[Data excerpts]
■ ■ ■ ■ ■

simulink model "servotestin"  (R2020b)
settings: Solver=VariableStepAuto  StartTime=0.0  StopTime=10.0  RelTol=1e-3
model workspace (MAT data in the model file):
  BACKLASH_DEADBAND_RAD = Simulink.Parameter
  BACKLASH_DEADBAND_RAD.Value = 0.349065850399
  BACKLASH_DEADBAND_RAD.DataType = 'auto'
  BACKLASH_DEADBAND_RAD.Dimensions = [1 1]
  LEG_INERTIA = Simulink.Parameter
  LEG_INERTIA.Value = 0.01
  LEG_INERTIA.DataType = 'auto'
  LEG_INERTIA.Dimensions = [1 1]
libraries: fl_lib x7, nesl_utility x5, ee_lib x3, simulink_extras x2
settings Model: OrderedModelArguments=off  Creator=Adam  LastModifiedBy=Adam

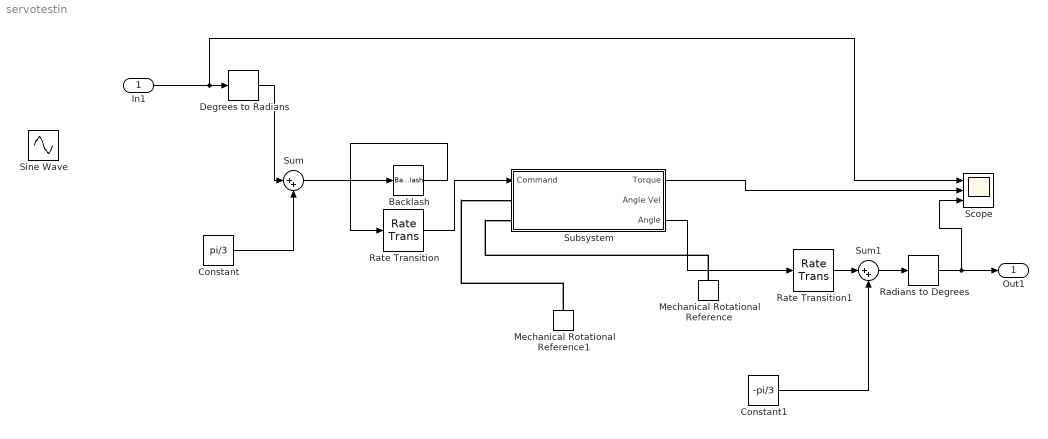
== system servotestin ==
  In1 : Inport
  Backlash : Backlash  BacklashWidth=BACKLASH_DEADBAND_RAD_M  InitialOutput=pi / 3
  Constant : Constant  Value=pi/3
  Constant1 : Constant  Value=-pi/3
  Degrees to Radians : simulink_extras/Transformations/Degrees to Radians
  Mechanical Rotational Reference : fl_lib/Mechanical/Rotational Elements/Mechanical Rotational Reference
  Mechanical Rotational Reference1 : fl_lib/Mechanical/Rotational Elements/Mechanical Rotational Reference
  Radians to Degrees : simulink_extras/Transformations/Radians to Degrees
  Rate Transition : RateTransition  InitialCondition=pi/3  OutPortSampleTime=1/330
  Rate Transition1 : RateTransition  InitialCondition=pi/3  OutPortSampleTime=.015
  Scope : Scope  NumInputPorts=3
  Sine Wave : Sin  Amplitude=20  Frequency=16  SampleTime=0
  Subsystem : Subsystem
  Sum : Sum  Inputs=|++
  Sum1 : Sum  Inputs=|++
  Out1 : Outport
  wires:
  In1/1 -> Scope/1, Degrees to Radians/1
  Subsystem/3(Angle) -> Rate Transition1/1
  Constant/1 -> Sum/2
  Sum/1 -> Backlash/1
  Rate Transition/1 -> Subsystem/1(Command)
  Subsystem/1(Torque) -> Scope/2
  Backlash/1 -> Rate Transition/1
  Degrees to Radians/1 -> Sum/1
  Radians to Degrees/1 -> Scope/3, Out1/1
  Constant1/1 -> Sum1/2
  Sum1/1 -> Radians to Degrees/1
  Rate Transition1/1 -> Sum1/1
  connections:
  Mechanical Rotational Reference1/LConn1 -- Subsystem/LConn1
  Mechanical Rotational Reference/LConn1 -- Subsystem/LConn2

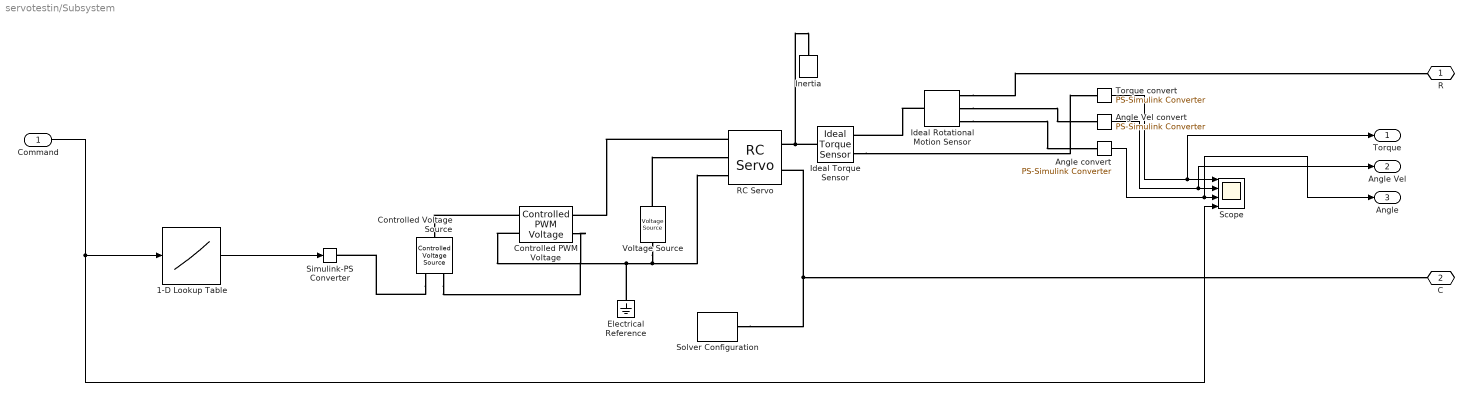
== system servotestin/Subsystem ==
  Command : Inport
  1-D Lookup Table : Lookup_n-D  NumberOfTableDimensions=1  BreakpointsForDimension1=[0 2*pi/3]  Table=[1.485 3.465]  InternalRulePriority=Speed  RndMeth=Simplest  InputSameDT=on
  Angle Vel convert : nesl_utility/PS-Simulink Converter  PhysicalDomain=network_engine_domain  SubClassName=ps_output  LeftPortType=input  RightPortType=output  PseudoPeriodic=off  Frequencies=[]  Unit=inherit  AffineConversion=off
  Angle convert : nesl_utility/PS-Simulink Converter  PhysicalDomain=network_engine_domain  SubClassName=ps_output  LeftPortType=input  RightPortType=output  PseudoPeriodic=off  Frequencies=[]  Unit=inherit  AffineConversion=off
  Controlled PWM Voltage : ee_lib/Integrated Circuits/Controlled PWM Voltage  F=330 Hz  TD=0 s  pulse_width_offset=0 s  pulse_min=0 s  Vmin=0 V  Vmax=5 V  Vm=5 V  pwm_or_av=1  event_type=1  sample_time=1e-6 s  u_min=0  u_max=1
  Controlled Voltage Source : fl_lib/Electrical/Electrical Sources/Controlled Voltage Source
  Electrical Reference : fl_lib/Electrical/Electrical Elements/Electrical Reference
  Ideal Rotational Motion Sensor : fl_lib/Mechanical/Mechanical Sensors/Ideal Rotational Motion Sensor  wrap_angle=simscape.enum.onoff.off  offset=60 deg
  Ideal Torque Sensor : fl_lib/Mechanical/Mechanical Sensors/Ideal Torque Sensor
  Inertia : fl_lib/Mechanical/Rotational Elements/Inertia  inertia=LEG_INERTIA_M kg*m^2  num_ports=foundation.enum.numPorts2.one  w_specify=off  w_priority=High  w=0 rad/s  w_nominal_specify=off  w_nominal_unit=rad/s  w_nominal_value=1  t_specify=off  t_priority=None  t=0 N*m  t_nominal_specify=off  t_nominal_unit=N*m  t_nominal_value=1
  RC Servo : ee_lib/Electromechanical/Brushed Motors/RC Servo  stall_torque=35 kg*cm  time_60=.11 s  nominal_voltage=7.2 V  rotational_range=[0, 120] deg  pulse_width_range=[900, 2100] us  threshold=3 V  R_s=18 kOhm  resolution=0.2 deg  angle_meas_error=0 deg  backdrive_torque=0.5 kg*cm  ratio=320  inertia=0.01 g*cm^2  endstop_angles=[-5, 185] deg  endstop_stiffness=1e6 N*m/rad  endstop_damping=0.01 N*m/(rad/s)  enable_faults=0  fault_action=1  fault_type=1  enable_temporal_fault=0  t_fault=1 s  enable_behavioral_fault=0  max_permissible_current=1 A  t_fail_on_current=1 s  angle_specify=on  angle_priority=High  angle=60 deg  angle_nominal_specify=off  angle_nominal_unit=deg  angle_nominal_value=1  w_specify=off  w_priority=High  w=0 deg/s  w_nominal_specify=off  w_nominal_unit=deg/s  w_nominal_value=1  torque_specify=off  torque_priority=None  torque=0 N*m  torque_nominal_specify=off  torque_nominal_unit=N*m  torque_nominal_value=1  pulse_width_specify=off  pulse_width_priority=Low  pulse_width=1.5 ms  i_specify=off  i_priority=None  i=0 A  i_nominal_specify=off  i_nominal_unit=A  i_nominal_value=1  i_s_specify=off  i_s_priority=None  i_s=0 A  i_s_nominal_specify=off  i_s_nominal_unit=A  i_s_nominal_value=1  motor_torque_specify=off  motor_torque_priority=None  motor_torque=0 N*m  motor_torque_nominal_specify=off  motor_torque_nominal_unit=N*m  motor_torque_nominal_value=1  power_dissipated_specify=off  power_dissipated_priority=None  power_dissipated=0 W  power_dissipated_nominal_specify=off  power_dissipated_nominal_unit=W  power_dissipated_nominal_value=1  angle_demand_specify=off  angle_demand_priority=None  angle_demand=90 deg  angle_demand_nominal_specify=off  angle_demand_nominal_unit=deg  angle_demand_nominal_value=1  faulted_specify=off  faulted_priority=None  faulted=0  faulted_nominal_specify=off  faulted_nominal_unit=1  faulted_nominal_value=1
      settings: SourceProductBaseCode=PS  InternalSimscapePortConfiguration="{\"Bottom\":[],\"Left\":[{\"id\":\"s\",\"label\":\"s\",\"type\":\"foundation.electrical.electrical\"},{\"id\":\"p\",\"label\":\"+\",\"type\":\"foundation.electrical.electrical\"},{\"id\":\"n\",\"label\":\"-\",\"type\":\"foundation.electrical.electrical\"}],\"Right\":[{\"id\":\"R\",\"label\":\"R\",\"type\":\"foundation.mechanical.rotational.rotational\"},{\"id\":\"C\",\"label\":\"C\",\"type\":\"foundation.mechanical.rotational.rotational\"}],\"Top\":[]}"
  Scope : Scope  NumInputPorts=4
  Simulink-PS Converter : nesl_utility/Simulink-PS Converter  PhysicalDomain=network_engine_domain  SubClassName=ps_input  LeftPortType=input  RightPortType=output  PseudoPeriodic=off  Frequencies=[]  NoiseDistribution=none  NoiseParameters=[]  Unit=V  AffineConversion=off  FilteringAndDerivatives=provide  SimscapeFilterOrder=1  InputFilterTimeConstant=0.001  UdotUserProvided=0
  Solver Configuration : nesl_utility/Solver Configuration  PhysicalDomain=network_engine_domain  SubClassName=solver  LeftPortType=input  RightPortType=generic  Tones=[]  Harmonics=[]  SimulateNoise=off  Profile=off  UseLocalSampling=off  EnableSwitchedLinearOptims=on  FrequencyDomain=off  UseCCode=off  RelTol=0.001  AbsTol=1e-06  MinStep=1e-09  ToWorkspace=off  RevertToSquareIcSolve=off  NumHomotopyIterations=100  PhasorMode=off  PhasorModeNumHarmonics=1  DoDC=off  ResidualTolerance=1e-09  UseLocalSolver=off  LocalSolverChoice=NE_BACKWARD_EULER_ADVANCER  LocalSolverSampleTime=0.001  DoFixedCost=off  MaxNonlinIter=3  MaxModeIter=2  ComputeImpulses=off  ImpulseIterations=2  LinearAlgebra=auto  EquationFormulation=NE_TIME_EF  DelaysMemoryBudget=1024  AutomaticFiltering=on  FilteringTimeConstant=0.001  PartitionStorageMethod=AS_NEEDED  PartitionMemoryBudget=1024  PartitionMethod=ROBUST
  Torque convert : nesl_utility/PS-Simulink Converter  PhysicalDomain=network_engine_domain  SubClassName=ps_output  LeftPortType=input  RightPortType=output  PseudoPeriodic=off  Frequencies=[]  Unit=inherit  AffineConversion=off
  Voltage Source : ee_lib/Sources/Voltage Source  dc_voltage=7.1 V  ac_voltage=0 V  ac_shift=0 rad  ac_frequency=60 Hz  noise_mode=0  PSD=0 V^2/Hz  repeatability=1  auto_seed=4205327602  user_seed=0  sample_time=1e-3 s  i_specify=off  i_priority=None  i=0 A  i_nominal_specify=off  i_nominal_unit=A  i_nominal_value=1  v_specify=off  v_priority=None  v=0 V  v_nominal_specify=off  v_nominal_unit=V  v_nominal_value=1
  R : PMIOPort  Side=Left
  C : PMIOPort  Port=2  Side=Left
  Torque : Outport
  Angle Vel : Outport  Port=2
  Angle : Outport  Port=3
  wires:
  Angle convert/1 -> Angle/1, Scope/3
  1-D Lookup Table/1 -> Simulink-PS Converter/1
  Command/1 -> 1-D Lookup Table/1, Scope/4
  Torque convert/1 -> Torque/1, Scope/1
  Angle Vel convert/1 -> Angle Vel/1, Scope/2
  connections:
  Voltage Source/RConn1 -- Electrical Reference/LConn1 -- Controlled Voltage Source/RConn2 -- Controlled PWM Voltage/RConn2 -- Controlled PWM Voltage/LConn2 -- RC Servo/LConn3
  Controlled Voltage Source/RConn1 -- Simulink-PS Converter/RConn1
  Ideal Torque Sensor/LConn1 -- Inertia/LConn1 -- RC Servo/RConn1
  Controlled PWM Voltage/LConn1 -- Controlled Voltage Source/LConn1
  Solver Configuration/RConn1 -- C/RConn1 -- RC Servo/RConn2
  RC Servo/LConn1 -- Controlled PWM Voltage/RConn1
  Ideal Rotational Motion Sensor/RConn2 -- Angle Vel convert/LConn1
  Ideal Rotational Motion Sensor/LConn1 -- Ideal Torque Sensor/RConn1
  Ideal Torque Sensor/RConn2 -- Torque convert/LConn1
  Ideal Rotational Motion Sensor/RConn3 -- Angle convert/LConn1
  Voltage Source/LConn1 -- RC Servo/LConn2
  Ideal Rotational Motion Sensor/RConn1 -- R/RConn1

■ ■ ■ ■ ■

#### [PROBLEM DETAILS]
Collect from the data above every line that includes "Side".

#### [EXERCISE SOLUTION]
  R : PMIOPort  Side=Left
  C : PMIOPort  Port=2  Side=Left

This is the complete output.